Il convient dès lors d’éviter deux excès symétriques. Le premier consisterait à banaliser la nouveauté introduite en 2020, comme s’il ne s’était rien passé dans le texte. Le second serait d’y voir un basculement irréversible vers une doctrine d’intervention extérieure.
La réalité constitutionnelle se situe entre ces deux lectures. Oui, la Constitution a ouvert une faculté inédite en la formulant expressément. Mais non, cette faculté ne vaut ni feu vert permanent ni changement automatique de posture. Elle demeure conditionnelle, exceptionnelle et dépendante d’une légitimation parlementaire lourde.
La séquence de mars 2026 confirme, d’ailleurs, cette nécessité de précision. Les autorités ont présenté la révision adoptée par le Parlement réuni en ses deux chambres comme un amendement technique comportant 12 modifications destinées à améliorer certains aspects du texte constitutionnel et à renforcer les mécanismes de gouvernance. Dans cette logique, il serait excessif de parler d’une refonte doctrinale totale.
La grille de lecture la plus rigoureuse reste celle d’un ajustement technique venant s’inscrire dans la continuité du cadre ouvert en 2020, et non celle d’une transformation soudaine de la nature des missions de l’ANP.
Cette relecture impose également de bien hiérarchiser les normes.

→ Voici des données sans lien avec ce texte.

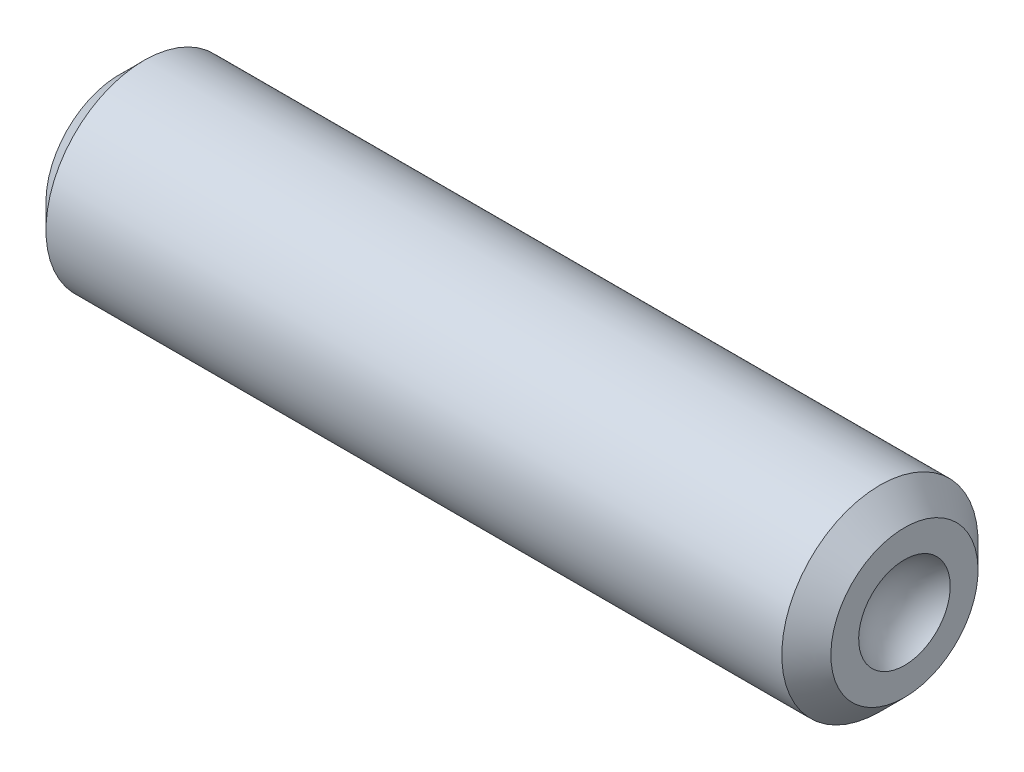
ISO-10303-21;
HEADER;
FILE_DESCRIPTION(('STEP AP214'),'2;1');
FILE_NAME('part.step','',(''),(''),'','','');
FILE_SCHEMA(('AUTOMOTIVE_DESIGN { 1 0 10303 214 1 1 1 1 }'));
ENDSEC;
DATA;
#1=APPLICATION_CONTEXT('core data for automotive mechanical design processes');
#2=APPLICATION_PROTOCOL_DEFINITION('international standard','automotive_design',2000,#1);
#3=PRODUCT_CONTEXT('',#1,'mechanical');
#4=PRODUCT('Part','Part','',(#3));
#5=PRODUCT_RELATED_PRODUCT_CATEGORY('part','',(#4));
#6=PRODUCT_DEFINITION_FORMATION('','',#4);
#7=PRODUCT_DEFINITION_CONTEXT('part definition',#1,'design');
#8=PRODUCT_DEFINITION('design','',#6,#7);
#9=PRODUCT_DEFINITION_SHAPE('','',#8);
#10=(LENGTH_UNIT() NAMED_UNIT(*) SI_UNIT(.MILLI.,.METRE.));
#11=(NAMED_UNIT(*) PLANE_ANGLE_UNIT() SI_UNIT($,.RADIAN.));
#12=(NAMED_UNIT(*) SI_UNIT($,.STERADIAN.) SOLID_ANGLE_UNIT());
#13=UNCERTAINTY_MEASURE_WITH_UNIT(LENGTH_MEASURE(1.E-05),#10,'distance_accuracy_value','');
#14=(GEOMETRIC_REPRESENTATION_CONTEXT(3) GLOBAL_UNCERTAINTY_ASSIGNED_CONTEXT((#13)) GLOBAL_UNIT_ASSIGNED_CONTEXT((#10,
#11,#12)) REPRESENTATION_CONTEXT('',''));
#15=CARTESIAN_POINT('',(0.,0.,0.));
#16=DIRECTION('',(0.,0.,1.));
#17=DIRECTION('',(1.,0.,0.));
#18=AXIS2_PLACEMENT_3D('',#15,#16,#17);
#19=CARTESIAN_POINT('',(0.,0.,0.));
#20=DIRECTION('',(1.,0.,0.));
#21=DIRECTION('',(0.,1.,0.));
#22=AXIS2_PLACEMENT_3D('',#19,#20,#21);
#23=PLANE('',#22);
#24=DIRECTION('',(0.,-0.5,-0.866025403784439));
#25=VECTOR('',#24,1.);
#26=CARTESIAN_POINT('',(0.,0.866025403784439,0.));
#27=LINE('',#26,#25);
#28=CARTESIAN_POINT('',(0.,0.866025403784439,0.));
#29=VERTEX_POINT('',#28);
#30=CARTESIAN_POINT('',(0.,0.43301270189222,-0.75));
#31=VERTEX_POINT('',#30);
#32=EDGE_CURVE('E107',#29,#31,#27,.T.);
#33=ORIENTED_EDGE('',*,*,#32,.F.);
#34=DIRECTION('',(0.,0.5,-0.866025403784439));
#35=VECTOR('',#34,1.);
#36=CARTESIAN_POINT('',(0.,0.433012701892219,0.75));
#37=LINE('',#36,#35);
#38=CARTESIAN_POINT('',(0.,0.433012701892219,0.75));
#39=VERTEX_POINT('',#38);
#40=EDGE_CURVE('E49',#39,#29,#37,.T.);
#41=ORIENTED_EDGE('',*,*,#40,.F.);
#42=DIRECTION('',(0.,1.,0.));
#43=VECTOR('',#42,1.);
#44=CARTESIAN_POINT('',(0.,-0.43301270189222,0.75));
#45=LINE('',#44,#43);
#46=CARTESIAN_POINT('',(0.,-0.43301270189222,0.75));
#47=VERTEX_POINT('',#46);
#48=EDGE_CURVE('E122',#47,#39,#45,.T.);
#49=ORIENTED_EDGE('',*,*,#48,.F.);
#50=DIRECTION('',(0.,0.5,0.866025403784439));
#51=VECTOR('',#50,1.);
#52=CARTESIAN_POINT('',(0.,-0.866025403784439,0.));
#53=LINE('',#52,#51);
#54=CARTESIAN_POINT('',(0.,-0.866025403784439,0.));
#55=VERTEX_POINT('',#54);
#56=EDGE_CURVE('E116',#55,#47,#53,.T.);
#57=ORIENTED_EDGE('',*,*,#56,.F.);
#58=DIRECTION('',(0.,-0.5,0.866025403784439));
#59=VECTOR('',#58,1.);
#60=CARTESIAN_POINT('',(0.,-0.433012701892219,-0.75));
#61=LINE('',#60,#59);
#62=CARTESIAN_POINT('',(0.,-0.433012701892219,-0.75));
#63=VERTEX_POINT('',#62);
#64=EDGE_CURVE('E114',#63,#55,#61,.T.);
#65=ORIENTED_EDGE('',*,*,#64,.F.);
#66=DIRECTION('',(0.,-1.,0.));
#67=VECTOR('',#66,1.);
#68=CARTESIAN_POINT('',(0.,0.43301270189222,-0.75));
#69=LINE('',#68,#67);
#70=EDGE_CURVE('E100',#31,#63,#69,.T.);
#71=ORIENTED_EDGE('',*,*,#70,.F.);
#72=EDGE_LOOP('',(#33,#41,#49,#57,#65,#71));
#73=FACE_BOUND('',#72,.T.);
#74=CARTESIAN_POINT('',(0.,0.,0.));
#75=DIRECTION('',(-1.,0.,0.));
#76=DIRECTION('',(0.,-1.,0.));
#77=AXIS2_PLACEMENT_3D('',#74,#75,#76);
#78=CIRCLE('',#77,1.125);
#79=CARTESIAN_POINT('',(0.,-1.125,0.));
#80=VERTEX_POINT('',#79);
#81=EDGE_CURVE('E12',#80,#80,#78,.T.);
#82=ORIENTED_EDGE('',*,*,#81,.T.);
#83=EDGE_LOOP('',(#82));
#84=FACE_BOUND('',#83,.T.);
#85=ADVANCED_FACE('F35',(#73,#84),#23,.F.);
#86=CARTESIAN_POINT('',(0.375000000000001,0.,0.));
#87=DIRECTION('',(1.,0.,0.));
#88=DIRECTION('',(0.,1.,0.));
#89=AXIS2_PLACEMENT_3D('',#86,#87,#88);
#90=CONICAL_SURFACE('',#89,1.5,0.785398163397447);
#91=ORIENTED_EDGE('',*,*,#81,.F.);
#92=EDGE_LOOP('',(#91));
#93=FACE_BOUND('',#92,.T.);
#94=CARTESIAN_POINT('',(0.375000000000001,0.,0.));
#95=DIRECTION('',(-1.,0.,0.));
#96=DIRECTION('',(0.,-1.,0.));
#97=AXIS2_PLACEMENT_3D('',#94,#95,#96);
#98=CIRCLE('',#97,1.5);
#99=CARTESIAN_POINT('',(0.375000000000001,-1.5,0.));
#100=VERTEX_POINT('',#99);
#101=EDGE_CURVE('E42',#100,#100,#98,.T.);
#102=ORIENTED_EDGE('',*,*,#101,.T.);
#103=EDGE_LOOP('',(#102));
#104=FACE_BOUND('',#103,.T.);
#105=ADVANCED_FACE('F145',(#93,#104),#90,.T.);
#106=CARTESIAN_POINT('',(0.,0.,0.));
#107=DIRECTION('',(-1.,0.,0.));
#108=DIRECTION('',(0.,-1.,0.));
#109=AXIS2_PLACEMENT_3D('',#106,#107,#108);
#110=CYLINDRICAL_SURFACE('',#109,1.5);
#111=ORIENTED_EDGE('',*,*,#101,.F.);
#112=EDGE_LOOP('',(#111));
#113=FACE_BOUND('',#112,.T.);
#114=CARTESIAN_POINT('',(11.625,0.,0.));
#115=DIRECTION('',(-1.,0.,0.));
#116=DIRECTION('',(0.,-1.,0.));
#117=AXIS2_PLACEMENT_3D('',#114,#115,#116);
#118=CIRCLE('',#117,1.5);
#119=CARTESIAN_POINT('',(11.625,-1.5,0.));
#120=VERTEX_POINT('',#119);
#121=EDGE_CURVE('E140',#120,#120,#118,.T.);
#122=ORIENTED_EDGE('',*,*,#121,.T.);
#123=EDGE_LOOP('',(#122));
#124=FACE_BOUND('',#123,.T.);
#125=ADVANCED_FACE('F147',(#113,#124),#110,.T.);
#126=CARTESIAN_POINT('',(12.,0.,0.));
#127=DIRECTION('',(-1.,0.,0.));
#128=DIRECTION('',(0.,-1.,0.));
#129=AXIS2_PLACEMENT_3D('',#126,#127,#128);
#130=CONICAL_SURFACE('',#129,1.125,0.785398163397448);
#131=ORIENTED_EDGE('',*,*,#121,.F.);
#132=EDGE_LOOP('',(#131));
#133=FACE_BOUND('',#132,.T.);
#134=CARTESIAN_POINT('',(12.,0.,0.));
#135=DIRECTION('',(-1.,0.,0.));
#136=DIRECTION('',(0.,-1.,0.));
#137=AXIS2_PLACEMENT_3D('',#134,#135,#136);
#138=CIRCLE('',#137,1.125);
#139=CARTESIAN_POINT('',(12.,-1.125,0.));
#140=VERTEX_POINT('',#139);
#141=EDGE_CURVE('E137',#140,#140,#138,.T.);
#142=ORIENTED_EDGE('',*,*,#141,.T.);
#143=EDGE_LOOP('',(#142));
#144=FACE_BOUND('',#143,.T.);
#145=ADVANCED_FACE('F150',(#133,#144),#130,.T.);
#146=CARTESIAN_POINT('',(12.,1.125,0.));
#147=DIRECTION('',(-1.,0.,0.));
#148=DIRECTION('',(0.,-1.,0.));
#149=AXIS2_PLACEMENT_3D('',#146,#147,#148);
#150=PLANE('',#149);
#151=ORIENTED_EDGE('',*,*,#141,.F.);
#152=EDGE_LOOP('',(#151));
#153=FACE_BOUND('',#152,.T.);
#154=CARTESIAN_POINT('',(12.,0.,0.));
#155=DIRECTION('',(-1.,0.,0.));
#156=DIRECTION('',(0.,-1.,0.));
#157=AXIS2_PLACEMENT_3D('',#154,#155,#156);
#158=CIRCLE('',#157,0.7);
#159=CARTESIAN_POINT('',(12.,-0.7,0.));
#160=VERTEX_POINT('',#159);
#161=EDGE_CURVE('E134',#160,#160,#158,.T.);
#162=ORIENTED_EDGE('',*,*,#161,.T.);
#163=EDGE_LOOP('',(#162));
#164=FACE_BOUND('',#163,.T.);
#165=ADVANCED_FACE('F156',(#153,#164),#150,.F.);
#166=CARTESIAN_POINT('',(12.4658333333333,0.,0.));
#167=DIRECTION('',(-1.,0.,0.));
#168=DIRECTION('',(0.,-1.,0.));
#169=AXIS2_PLACEMENT_3D('',#166,#167,#168);
#170=SPHERICAL_SURFACE('',#169,0.840833333333333);
#171=ORIENTED_EDGE('',*,*,#161,.F.);
#172=EDGE_LOOP('',(#171));
#173=FACE_BOUND('',#172,.T.);
#174=ADVANCED_FACE('F162',(#173),#170,.F.);
#175=CARTESIAN_POINT('',(14.2912878474779,0.433012701892219,0.75));
#176=DIRECTION('',(0.,0.866025403784438,0.5));
#177=DIRECTION('',(0.,-0.5,0.866025403784439));
#178=AXIS2_PLACEMENT_3D('',#175,#176,#177);
#179=PLANE('',#178);
#180=DIRECTION('',(0.,-0.5,0.866025403784439));
#181=VECTOR('',#180,1.);
#182=CARTESIAN_POINT('',(10.,0.433012701892219,0.75));
#183=LINE('',#182,#181);
#184=CARTESIAN_POINT('',(10.,0.866025403784439,0.));
#185=VERTEX_POINT('',#184);
#186=CARTESIAN_POINT('',(10.,0.433012701892219,0.75));
#187=VERTEX_POINT('',#186);
#188=EDGE_CURVE('E68',#185,#187,#183,.T.);
#189=ORIENTED_EDGE('',*,*,#188,.T.);
#190=DIRECTION('',(-1.,0.,0.));
#191=VECTOR('',#190,1.);
#192=CARTESIAN_POINT('',(14.2912878474779,0.433012701892219,0.75));
#193=LINE('',#192,#191);
#194=EDGE_CURVE('E125',#187,#39,#193,.T.);
#195=ORIENTED_EDGE('',*,*,#194,.T.);
#196=ORIENTED_EDGE('',*,*,#40,.T.);
#197=DIRECTION('',(-1.,0.,0.));
#198=VECTOR('',#197,1.);
#199=CARTESIAN_POINT('',(14.2912878474779,0.866025403784439,0.));
#200=LINE('',#199,#198);
#201=EDGE_CURVE('E104',#185,#29,#200,.T.);
#202=ORIENTED_EDGE('',*,*,#201,.F.);
#203=EDGE_LOOP('',(#189,#195,#196,#202));
#204=FACE_BOUND('',#203,.T.);
#205=ADVANCED_FACE('F167',(#204),#179,.F.);
#206=CARTESIAN_POINT('',(14.2912878474779,-0.43301270189222,0.75));
#207=DIRECTION('',(0.,0.,1.));
#208=DIRECTION('',(0.,-1.,0.));
#209=AXIS2_PLACEMENT_3D('',#206,#207,#208);
#210=PLANE('',#209);
#211=DIRECTION('',(0.,-1.,0.));
#212=VECTOR('',#211,1.);
#213=CARTESIAN_POINT('',(10.,-0.43301270189222,0.75));
#214=LINE('',#213,#212);
#215=CARTESIAN_POINT('',(10.,-0.43301270189222,0.75));
#216=VERTEX_POINT('',#215);
#217=EDGE_CURVE('E267',#187,#216,#214,.T.);
#218=ORIENTED_EDGE('',*,*,#217,.T.);
#219=DIRECTION('',(-1.,0.,0.));
#220=VECTOR('',#219,1.);
#221=CARTESIAN_POINT('',(14.2912878474779,-0.43301270189222,0.75));
#222=LINE('',#221,#220);
#223=EDGE_CURVE('E127',#216,#47,#222,.T.);
#224=ORIENTED_EDGE('',*,*,#223,.T.);
#225=ORIENTED_EDGE('',*,*,#48,.T.);
#226=ORIENTED_EDGE('',*,*,#194,.F.);
#227=EDGE_LOOP('',(#218,#224,#225,#226));
#228=FACE_BOUND('',#227,.T.);
#229=ADVANCED_FACE('F172',(#228),#210,.F.);
#230=CARTESIAN_POINT('',(14.2912878474779,-0.866025403784439,0.));
#231=DIRECTION('',(0.,-0.866025403784439,0.5));
#232=DIRECTION('',(0.,-0.5,-0.866025403784439));
#233=AXIS2_PLACEMENT_3D('',#230,#231,#232);
#234=PLANE('',#233);
#235=DIRECTION('',(0.,-0.5,-0.866025403784439));
#236=VECTOR('',#235,1.);
#237=CARTESIAN_POINT('',(10.,-0.866025403784439,0.));
#238=LINE('',#237,#236);
#239=CARTESIAN_POINT('',(10.,-0.866025403784439,0.));
#240=VERTEX_POINT('',#239);
#241=EDGE_CURVE('E270',#216,#240,#238,.T.);
#242=ORIENTED_EDGE('',*,*,#241,.T.);
#243=DIRECTION('',(-1.,0.,0.));
#244=VECTOR('',#243,1.);
#245=CARTESIAN_POINT('',(14.2912878474779,-0.866025403784439,0.));
#246=LINE('',#245,#244);
#247=EDGE_CURVE('E129',#240,#55,#246,.T.);
#248=ORIENTED_EDGE('',*,*,#247,.T.);
#249=ORIENTED_EDGE('',*,*,#56,.T.);
#250=ORIENTED_EDGE('',*,*,#223,.F.);
#251=EDGE_LOOP('',(#242,#248,#249,#250));
#252=FACE_BOUND('',#251,.T.);
#253=ADVANCED_FACE('F217',(#252),#234,.F.);
#254=CARTESIAN_POINT('',(14.2912878474779,-0.43301270189222,-0.75));
#255=DIRECTION('',(0.,-0.866025403784439,-0.5));
#256=DIRECTION('',(0.,0.5,-0.866025403784439));
#257=AXIS2_PLACEMENT_3D('',#254,#255,#256);
#258=PLANE('',#257);
#259=DIRECTION('',(0.,0.5,-0.866025403784439));
#260=VECTOR('',#259,1.);
#261=CARTESIAN_POINT('',(10.,-0.433012701892219,-0.75));
#262=LINE('',#261,#260);
#263=CARTESIAN_POINT('',(10.,-0.433012701892219,-0.75));
#264=VERTEX_POINT('',#263);
#265=EDGE_CURVE('E58',#240,#264,#262,.T.);
#266=ORIENTED_EDGE('',*,*,#265,.T.);
#267=DIRECTION('',(-1.,0.,0.));
#268=VECTOR('',#267,1.);
#269=CARTESIAN_POINT('',(14.2912878474779,-0.43301270189222,-0.75));
#270=LINE('',#269,#268);
#271=EDGE_CURVE('E103',#264,#63,#270,.T.);
#272=ORIENTED_EDGE('',*,*,#271,.T.);
#273=ORIENTED_EDGE('',*,*,#64,.T.);
#274=ORIENTED_EDGE('',*,*,#247,.F.);
#275=EDGE_LOOP('',(#266,#272,#273,#274));
#276=FACE_BOUND('',#275,.T.);
#277=ADVANCED_FACE('F227',(#276),#258,.F.);
#278=CARTESIAN_POINT('',(14.2912878474779,0.43301270189222,-0.75));
#279=DIRECTION('',(0.,0.,-1.));
#280=DIRECTION('',(-1.,0.,0.));
#281=AXIS2_PLACEMENT_3D('',#278,#279,#280);
#282=PLANE('',#281);
#283=DIRECTION('',(0.,1.,0.));
#284=VECTOR('',#283,1.);
#285=CARTESIAN_POINT('',(10.,0.43301270189222,-0.75));
#286=LINE('',#285,#284);
#287=CARTESIAN_POINT('',(10.,0.43301270189222,-0.75));
#288=VERTEX_POINT('',#287);
#289=EDGE_CURVE('E102',#264,#288,#286,.T.);
#290=ORIENTED_EDGE('',*,*,#289,.T.);
#291=DIRECTION('',(-1.,0.,0.));
#292=VECTOR('',#291,1.);
#293=CARTESIAN_POINT('',(14.2912878474779,0.43301270189222,-0.75));
#294=LINE('',#293,#292);
#295=EDGE_CURVE('E95',#288,#31,#294,.T.);
#296=ORIENTED_EDGE('',*,*,#295,.T.);
#297=ORIENTED_EDGE('',*,*,#70,.T.);
#298=ORIENTED_EDGE('',*,*,#271,.F.);
#299=EDGE_LOOP('',(#290,#296,#297,#298));
#300=FACE_BOUND('',#299,.T.);
#301=ADVANCED_FACE('F97',(#300),#282,.F.);
#302=CARTESIAN_POINT('',(14.2912878474779,0.866025403784439,0.));
#303=DIRECTION('',(0.,0.866025403784439,-0.5));
#304=DIRECTION('',(0.,0.5,0.866025403784439));
#305=AXIS2_PLACEMENT_3D('',#302,#303,#304);
#306=PLANE('',#305);
#307=DIRECTION('',(0.,0.5,0.866025403784439));
#308=VECTOR('',#307,1.);
#309=CARTESIAN_POINT('',(10.,0.866025403784439,0.));
#310=LINE('',#309,#308);
#311=EDGE_CURVE('E77',#288,#185,#310,.T.);
#312=ORIENTED_EDGE('',*,*,#311,.T.);
#313=ORIENTED_EDGE('',*,*,#201,.T.);
#314=ORIENTED_EDGE('',*,*,#32,.T.);
#315=ORIENTED_EDGE('',*,*,#295,.F.);
#316=EDGE_LOOP('',(#312,#313,#314,#315));
#317=FACE_BOUND('',#316,.T.);
#318=ADVANCED_FACE('F108',(#317),#306,.F.);
#319=CARTESIAN_POINT('',(10.,1.125,0.));
#320=DIRECTION('',(-1.,0.,0.));
#321=DIRECTION('',(0.,-1.,0.));
#322=AXIS2_PLACEMENT_3D('',#319,#320,#321);
#323=PLANE('',#322);
#324=ORIENTED_EDGE('',*,*,#188,.F.);
#325=ORIENTED_EDGE('',*,*,#311,.F.);
#326=ORIENTED_EDGE('',*,*,#289,.F.);
#327=ORIENTED_EDGE('',*,*,#265,.F.);
#328=ORIENTED_EDGE('',*,*,#241,.F.);
#329=ORIENTED_EDGE('',*,*,#217,.F.);
#330=EDGE_LOOP('',(#324,#325,#326,#327,#328,#329));
#331=FACE_BOUND('',#330,.T.);
#332=ADVANCED_FACE('F253',(#331),#323,.T.);
#333=CLOSED_SHELL('',(#85,#105,#125,#145,#165,#174,#205,#229,#253,#277,#301,#318,#332));
#334=MANIFOLD_SOLID_BREP('B2',#333);
#335=ADVANCED_BREP_SHAPE_REPRESENTATION('',(#18,#334),#14);
#336=SHAPE_DEFINITION_REPRESENTATION(#9,#335);
ENDSEC;
END-ISO-10303-21;

Les textes réglementaires, organiques ou relatifs à certains corps de sécurité peuvent prévoir des mécanismes de coopération, d’assistance, de formation ou de participation à des dispositifs internationaux. Mais ils ne doivent pas être confondus avec le régime constitutionnel de l’envoi d’unités de l’ANP à l’étranger.
La Constitution fixe ici un cadre supérieur, précis et contraignant. C’est à partir d’elle, et d’elle seule, que doit être appréciée la portée réelle de toute éventuelle participation hors du territoire national.
La Constitution de 2020 a bien introduit une possibilité nouvelle, mais elle l’a immédiatement entourée de garanties politiques majeures. Le dernier mot, en pratique, n’appartient pas à une logique d’automaticité. Il appartient à la représentation nationale, appelée à se prononcer à une majorité qualifiée dans chacune des deux chambres.
C’est pourquoi toute lecture sérieuse du texte doit retenir ceci : l’ANP peut être constitutionnellement appelée à participer à des missions extérieures dans un cadre multilatéral déterminé, mais une telle éventualité ne saurait être dissociée ni du contrôle parlementaire ni du principe selon lequel l’armée, émanation de la nation, ne peut être engagée qu’au nom d’une volonté nationale clairement exprimée.